I looked after 79 Comm Regt for a couple years in the late 90's before they were disbanded - the Rapid Deployment Squadron was called "Rapid Divorce Sqn" because the folks were usually 6 in/6 out or 3 in/3 out of Bosnia, Central African Republic, Kosovo, and all other little shyte holes in the world except for the Golan, which was a CFJSR task IIRC.  The folks in 1 Line Sqn were tasked away roughly 300 days of the year on jobs, projects and deployments.

It annoyed more than a few people that they were getting burned out when there were about 800 operators/techs over at CFJSR spinning on their thumbs that were grovelling for deployments...they soon got reintegrated into the Regiment a little before I was posted in 2002.

MM


----------



## MilEME09

> Canada must do more to help NATO combat Russian threat, Mulroney says
> 
> 
> 
> Robert Fife
> 
> OTTAWA — The Globe and Mail
> 
> Published Monday, Jun. 20, 2016 7:30PM EDT
> 
> Last updated Monday, Jun. 20, 2016 7:30PM EDT
> 
> Former prime minister Brian Mulroney says the Trudeau government should choose the very best fighter jet to confront the growing threat from Russia as he urged Canada to play a more forceful role within NATO and the United Nations.
> 
> In a prepared text for a major foreign policy speech to the NATO Association of Canada on Monday night, Mr.

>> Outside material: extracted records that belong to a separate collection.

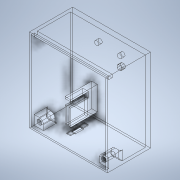
# Autodesk Inventor part: Caja
Saved by Autodesk Inventor 2021 (Build 250183000, 183)
## iProperties
Created: 2023-08-29
Part Number: Caja
Material: Genérico
Document SubType Name: Modeling
Designer: Sergio
Density: 1 g/cm^3
Appearance: Valor por defecto
Author: Sergio
Autodesk Inventor part; units mm, degrees
sketch "Boceto1" plane through (0, 0, 0) normal (0, 1, 0) x (-1, 0, 0)
  line L0 (0, 0) -> (0, 0)
  line L1 (0, 0) -> (37.5, 0)
  line L2 (37.5, 0) -> (37.5, -1.5)
  line L3 (37.5, -1.5) -> (37.5, -3.5)
  line L4 (37.5, -3.5) -> (37.5, -2)
  line L5 (37.5, 0) -> (37.5, 0)
  line L6 (37.5, -3.5) -> (34, -3.5)
  line L7 (34, -3.5) -> (34, -2)
  line L8 (34, -2) -> (36, -2)
  line L9 (37.5, 0) -> (37.5, 0)
  line L10 (0, 0) -> (0, -10)
  line L11 (0, 0) -> (37.5, 0)
  line L12 (37.5, 0) -> (0, 0)
  line L13 (0, 0) -> (0, 0)
  line L14 (0, 0) -> (-37.5, 0)
  line L15 (-37.5, 0) -> (-37.5, -1.5)
  line L16 (-37.5, -1.5) -> (-37.5, -3.5)
  line L17 (-37.5, -3.5) -> (-37.5, -2)
  line L18 (-37.5, 0) -> (-37.5, 0)
  line L19 (-37.5, -3.5) -> (-34, -3.5)
  line L20 (-34, -3.5) -> (-34, -2)
  line L21 (-34, -2) -> (-36, -2)
  line L22 (-37.5, 0) -> (-37.5, 0)
  line L23 (0, 0) -> (-37.5, 0)
  line L24 (0, 0) -> (-37.5, 0)
  line L25 (37.5, 0) -> (-37.5, 0)
  line L26 (-37.5, 0) -> (-37.5, 2)
  line L27 (-37.5, 2) -> (37.5, 2)
  line L28 (37.5, 2) -> (37.5, 0)
  dimension "d0" = 0
  dimension "d1" = 37.5
  dimension "d3" = 1.5
  dimension "d4" = 2
  dimension "d5" = 1.5
  dimension "d6" = 3.5
  dimension "d7" = 2
  dimension "d8" = 0
  dimension "d9" = 10
  dimension "d31" = 2
  constraints: 58 end point, 9 symmetric about line, 6 horizontal, 4 perpendicular, 4 point on line, 3 vertical, 2 parallel
  measures "d0" distance of L0.start L0.end
  measures "d1" distance of L0.start L1.end
  measures "d3" distance of L1.end L2.end
  measures "d4" distance of L2.end L3.end
  measures "d5" distance of L3.end L4.end
  measures "d6" distance of L3.end L6.end
  measures "d7" distance of L7.end L8.end
  measures "d8" distance of L5.start L9.end
  measures "d9" distance of L0.start L10.end
  measures "d31" distance of L22.end L26.end
extrude "Extrusión1" [suppressed]
sketch "Boceto2" plane through (0, 0, 0) normal (0, 0, 1) x (1, 0, 0)
  line L0 (0, 0) -> (-15, 0)
  line L1 (-15, 0) -> (-15, 62.7974)
  line L2 (-15, 62.7974) -> (-12.5, 62.7974)
  line L3 (-12.5, 62.7974) -> (-15, 60.2974)
  line L4 (-12.5, 62.7974) -> (-15, 64.2408)
  line L5 (-15, 62.7974) -> (-15, 64.2408)
  line L6 (-15, 62.7974) -> (-15, 82.1308)
  line L7 (-15, 82.1308) -> (-13, 85.5949)
  line L8 (-15, 82.1308) -> (-15, 85.5949)
  line L9 (-15, 85.5949) -> (0, 85.5949)
  line L10 (0, 85.5949) -> (0, 0)
  line L11 (-15, 62.7974) -> (-15, 43.4641)
  line L12 (-15, 43.4641) -> (-13, 40)
  line L13 (-13, 40) -> (-13, 0)
  line L14 (0, 0) -> (15, 0)
  line L15 (15, 0) -> (15, 62.7974)
  line L16 (15, 62.7974) -> (12.5, 62.7974)
  line L17 (12.5, 62.7974) -> (15, 60.2974)
  line L18 (12.5, 62.7974) -> (15, 64.2408)
  line L19 (15, 62.7974) -> (15, 64.2408)
  line L20 (15, 62.7974) -> (15, 82.1308)
  line L21 (15, 82.1308) -> (13, 85.5949)
  line L22 (15, 82.1308) -> (15, 85.5949)
  line L23 (15, 85.5949) -> (0, 85.5949)
  line L24 (15, 62.7974) -> (15, 43.4641)
  line L25 (15, 43.4641) -> (13, 40)
  line L26 (13, 40) -> (13, 0)
  dimension "d12" = 15
  dimension "d13" = 60
  dimension "d14" = 45
  dimension "d15" = 2.5
  dimension "d16" = 62.7974
  dimension "d17" = 15
  dimension "d18" = 30
  dimension "d19" = 19.3333
  dimension "d20" = 19.3333
  dimension "d21" = 150
  dimension "d22" = 2
  dimension "d24" = 2
  constraints: 54 end point, 11 symmetric about line, 8 point on line, 5 vertical, 4 perpendicular
  measures "d12" distance of L0.start L0.end
  measures "d13" angle of L5 L4
  measures "d14" angle of L1 L3
  measures "d15" distance of L1.end L2.end
  measures "d16" distance of L0.end L1.end
  measures "d17" distance of L8.end L9.end
  measures "d18" angle of L8 L7
  measures "d19" distance of L1.end L6.end
  measures "d20" distance of L1.end L11.end
  measures "d21" angle of L12 L11
  measures "d22" distance from line of L8 L7.end
  measures "d24" distance from line of L1 L12.end
extrude "Extrusión2" [suppressed]
extrude "Extrusión4" [suppressed]
extrude "Extrusión3" [suppressed]
extrude "Extrusión5" add sketch "Boceto1" along normal blind 80
sketch "Boceto3" plane through (-37.5, 0, 2) normal (0, 0, 1) x (1, 0, 0)
  line L0 (0, 0) -> (0, 80) projected
  line L1 (0, 0) -> (0, 80)
  line L2 (0, 80) -> (75, 80)
  line L3 (75, 80) -> (75, 0)
  line L4 (0, 0) -> (75, 0) projected
  line L5 (75, 0) -> (0, 0)
  line L6 (73.5, 1.5) -> (73.5, 78.5)
  line L7 (73.5, 78.5) -> (1.5, 78.5)
  line L8 (1.5, 78.5) -> (1.5, 1.5)
  line L9 (1.5, 1.5) -> (73.5, 1.5)
  dimension "d135" = 1.5
  dimension "d136" = 1.5
  dimension "d137" = 1.5
  dimension "d138" = 1.5
  dimension "d139" = 72
  dimension "d140" = 77
  constraints: 16 end point, 5 perpendicular, 2 point on line, 1 horizontal, 1 vertical
  measures "d135" distance between parallel lines of L9 L4
  measures "d136" distance between parallel lines of L2 L7
  measures "d137" distance between parallel lines of L3 L6
  measures "d138" distance between parallel lines of L0 L8
  measures "d139" distance between parallel lines of L8 L6
  measures "d140" distance between parallel lines of L7 L9
extrude "Extrusión6" add sketch "Boceto3" along normal blind 39.5
ref_plane "Plano de trabajo1" through (0, 80, 0) normal (0, 1, 0) x (1, 0, 0)
sketch "Boceto4" plane through (0, 80, 0) normal (0, 1, 0) x (1, 0, 0)
  line L0 (0, 0) -> (0, -2)
  line L1 (-37.5, -2) -> (37.5, -2) projected
  line L2 (0, -2) -> (37.5, -2)
  line L3 (0, -2) -> (-37.5, -2)
  line L4 (37.5, -2) -> (37.5, -3.5)
  line L5 (37.5, -3.5) -> (-37.5, -3.5)
  line L6 (-37.5, -3.5) -> (-37.5, -2)
  dimension "d48" = 2
  dimension "d49" = 37.5
  dimension "d50" = 37.5
  dimension "d51" = 1.5
  constraints: 12 end point, 2 horizontal, 2 perpendicular, 1 midpoint, 1 vertical
  measures "d48" distance of L0.start L0.end
  measures "d49" distance of L0.end L2.end
  measures "d50" distance of L0.end L3.end
  measures "d51" distance between parallel lines of L1 L5
extrude "Extrusión7" add sketch "Boceto4" against normal blind 80
ref_plane "Plano de trabajo2" through (-36, 78.5, 38.5) normal (0, 0, 1) x (1, 0, 0)
sketch "Boceto5" plane through (-36, 78.5, 38.5) normal (0, 0, 1) x (1, 0, 0)
  line L0 (0, 0) -> (72, 0) projected
  line L1 (0, 0) -> (0, -3)
  line L2 (-1.5, -78.5) -> (-1.5, 1.5) projected
  line L3 (0, -3) -> (72, -3)
  line L4 (72, -3) -> (72, 0)
  line L5 (0, -77) -> (0, 0) projected
  line L6 (72, 0) -> (0, 0)
  dimension "d144" = 3
  dimension "d145" = 72
  constraints: 8 end point, 3 perpendicular, 1 parallel
  measures "d144" distance between parallel lines of L0 L3
  measures "d145" distance of L1.end L3.end
extrude "Extrusión8" add sketch "Boceto5" against normal blind 3
ref_plane "Plano de trabajo3" through (0, 0, 0) normal (0, 1, 0) x (1, 0, 0)
sketch "Boceto6" plane through (0, 0, 0) normal (0, 1, 0) x (1, 0, 0)
  line L0 (0, 0) -> (0, -3.5)
  line L1 (0, -3.5) -> (0, -38.5)
  line L2 (-36, -38.5) -> (36, -38.5)
  line L3 (-36, -38.5) -> (-36, -33.5)
  line L4 (36, -38.5) -> (36, -33.5)
  line L5 (-36, -33.5) -> (-31, -33.5)
  line L6 (36, -33.5) -> (31, -33.5)
  circle A0 centre (-31, -33.5) radius 4
  circle A1 centre (31, -33.5) radius 4
  line L7 (-31, -29.5) -> (-36, -29.5)
  line L8 (-36, -29.5) -> (-36, -33.5)
  line L9 (-27.1194, -32.5299) -> (-27.1194, -38.5)
  line L10 (27.1194, -32.5299) -> (27.1194, -38.5)
  line L11 (31, -29.5) -> (36, -29.5)
  line L12 (36, -29.5) -> (36, -33.5)
  circle A2 centre (-31, -33.5) radius 2
  circle A3 centre (31, -33.5) radius 2
  point P0 (-27.5, -82)
  point P1 (27.5, -82)
  point P2 (27.5, -2)
  dimension "d74" = 35
  dimension "d75" = 72
  dimension "d76" = 36
  dimension "d77" = 5
  dimension "d79" = 5
  dimension "d80" = 5
  dimension "d81" = 5
  dimension "d82" = 8
  dimension "d83" = 8
  dimension "d84" = 3.5
  dimension "d85" = 0
  dimension "d88" = 4
  dimension "d89" = 4
  constraints: 26 end point, 5 perpendicular, 4 centre point, 4 coincident, 4 horizontal, 4 point on circle, 4 point on line, 3 vertical, 1 tangent
  measures "d74" distance of L0.end L1.end
  measures "d75" distance of L2.start L2.end
  measures "d76" distance from line of L1 L2.start
  measures "d77" distance of L2.start L3.end
  measures "d79" distance of L2.end L4.end
  measures "d80" distance of L3.end L5.end
  measures "d81" distance of L4.end L6.end
  measures "d82" diameter of A0
  measures "d83" diameter of A1
  measures "d84" distance of L0.start L0.end
  measures "d85" distance from line of L2 L1.end
  measures "d88" diameter of A2
  measures "d89" diameter of A3
sketch "Boceto8" plane through (0, 0, 0) normal (0, 0, 1) x (1, 0, 0)
  line L0 (0, 0) -> (0, 65)
  line L1 (0, 65) -> (-11, 65)
  circle A0 centre (-11, 65) radius 2
  line L2 (0, 65) -> (11, 65)
  circle A1 centre (11, 65) radius 2
  circle A2 centre (11, 65) radius 4
  circle A3 centre (-11, 65) radius 4
  line L3 (0, 0) -> (15, 0)
  line L4 (37.5, 0) -> (-37.5, 0) projected
  line L5 (15, 0) -> (13, 0)
  line L6 (13, 0) -> (13, 0)
  line L7 (13, 0) -> (13, 1.5)
  line L8 (13, 1.5) -> (13, 53.5)
  line L9 (13, 54.5) -> (13, 56.5)
  line L10 (12, 57.5) -> (10, 57.5)
  line L11 (9, 56.5) -> (9, 54.5)
  line L12 (10, 53.5) -> (12, 53.5)
  arc A4 (13, 56.5) -> (12, 57.5) centre (12, 56.5) ccw
  arc A5 (12, 53.5) -> (13, 54.5) centre (12, 54.5) ccw
  arc A6 (9, 54.5) -> (10, 53.5) centre (10, 54.5) ccw
  arc A7 (10, 57.5) -> (9, 56.5) centre (10, 56.5) ccw
  line L13 (37.5, 80) -> (-37.5, 80) projected
  point P0 (13, 57.5)
  point P1 (9, 57.5)
  dimension "d90" = 11
  dimension "d91" = 4
  dimension "d92" = 11
  dimension "d93" = 4
  dimension "d94" = 65
  dimension "d95" = 8
  dimension "d96" = 8
  dimension "d97" = 15
  dimension "d98" = 2
  dimension "d99" = 0
  dimension "d100" = 1.5
  dimension "d102" = 4
  dimension "d103" = 4
  dimension "d104" = 1
  dimension "d107" = 2
  dimension "d108" = 13
  dimension "d110" = 22.5
  dimension "d134" = 7.5
  constraints: 24 end point, 11 point on line, 8 centre point, 8 point on circle, 8 tangent, 4 coincident, 4 perpendicular, 3 equal radius, 2 vertical, 1 horizontal
  measures "d90" distance of L0.end L1.end
  measures "d91" diameter of A0
  measures "d92" distance of L0.end L2.end
  measures "d93" diameter of A1
  measures "d94" distance of L0.start L0.end
  measures "d95" diameter of A2
  measures "d96" diameter of A3
  measures "d97" distance of L0.start L3.end
  measures "d98" distance of L3.end L5.end
  measures "d99" distance of L5.end L6.end
  measures "d100" distance of L6.end L7.end
  measures "d102" distance of L8.end point (13, 57.5)
  measures "d103" distance of point (13, 57.5) point (9, 57.5)
  measures "d104" radius of A4
  measures "d107" distance from line of L2.end L8
  measures "d108" distance between parallel lines of L0 L8
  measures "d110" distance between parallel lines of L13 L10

Mulroney warned that Russian President Vladimir Putin is attempting to create a new Eurasian union dependent on Moscow.
> 
> “The primary challenge now is to thwart further expansion by Russia and to ensure that those NATO members that border Russia, especially Estonia, Latvia and Lithuania, remain secure and firmly under NATO’s wing,” he said.
> 
> NATO is scrambling to contain the threat by stationing four battalions of troops in the Baltic countries, but more needs to be done, Mr. Mulroney said.
> 
> “Canada is being invited to contribute troops in some way and, in my view, we should respond positively,” he said. “We need to be equipped and ready, as necessary, to preserve our values.”
> 
> Mr. Mulroney said Canada should double defence spending to 2 per cent of GDP.
> 
> “The simple reality is that if Canada expects NATO to do more on global security, we must decide to do more for NATO. That should be a top defence priority. What we cannot do is talk about Canada ‘being back’ in the world without making tangible commitments that will anchor our aspirations,” he said.
> 
> Mr. Mulroney was sharply critical of the Liberal government’s‎ waffling on an open competition for a new fighter jet. During the election campaign, Justin Trudeau promised to reject the former Conservative government’s favoured aircraft, the F-35 stealth jet, which 11 western allies have now bought.
> 
> The government is considering Super Hornets as an interim replacement for the aging CF-18s‎.
> 
> “We need new fighter aircraft, but most of all, we need a decision on what we will buy to serve our strategic needs, not an interim purchase driven by political considerations that risk repeating the helicopter fiasco,” Mr. Mulroney said.
> 
> The former prime minister noted the problems that happened in the 1990s, when the Chrétien Liberals succeeded the Mulroney Conservatives and cancelled their $4.4-billion purchase of EH-101 helicopters. Mr. Chrétien’s decision cost taxpayers half a billion dollars in penalties. The government ended up buying the same helicopters, but the costs had then risen to $7.6-billion.
> 
> U.S. defence giant Lockheed Martin has already said Canada could lose $825-million in aerospace contracts that were signed with Canadian companies to build equipment for the F-35 jets if the Liberal government buys the Super Hornets.
> 
> Mr. Mulroney said Canada should follow the Australian model and set up an independent, arms-length agency to handle major defence procurement through an open bidding process.
> 
> He also urged Mr. Trudeau to join the U.S. anti-ballisic missile defence system to protect Canada from countries such as North Korea that are heavily investing in long-range nuclear missile capability.
> 
> “We cannot subcontract our responsibility to national security to our southern neighbour, no matter how secure we may believe ourselves to be relying exclusively on American continental security,” he said.
> 
> Mr. Mulroney supported Mr. Trudeau’s plans to be more engaged in UN peacekeeping and to play a more prominent role in the world body.
> 
> The UN is in urgent need of an overhaul in its personnel policies, and requires much tighter accountability, Mr. Mulroney said.
> 
> “Since Cana‎da remains the 7th-largest contributor of funds to the UN and its agencies, we should move beyond fuzzy sentiments and position ourselves in the vanguard of those seeking genuine reform at the UN,” he said.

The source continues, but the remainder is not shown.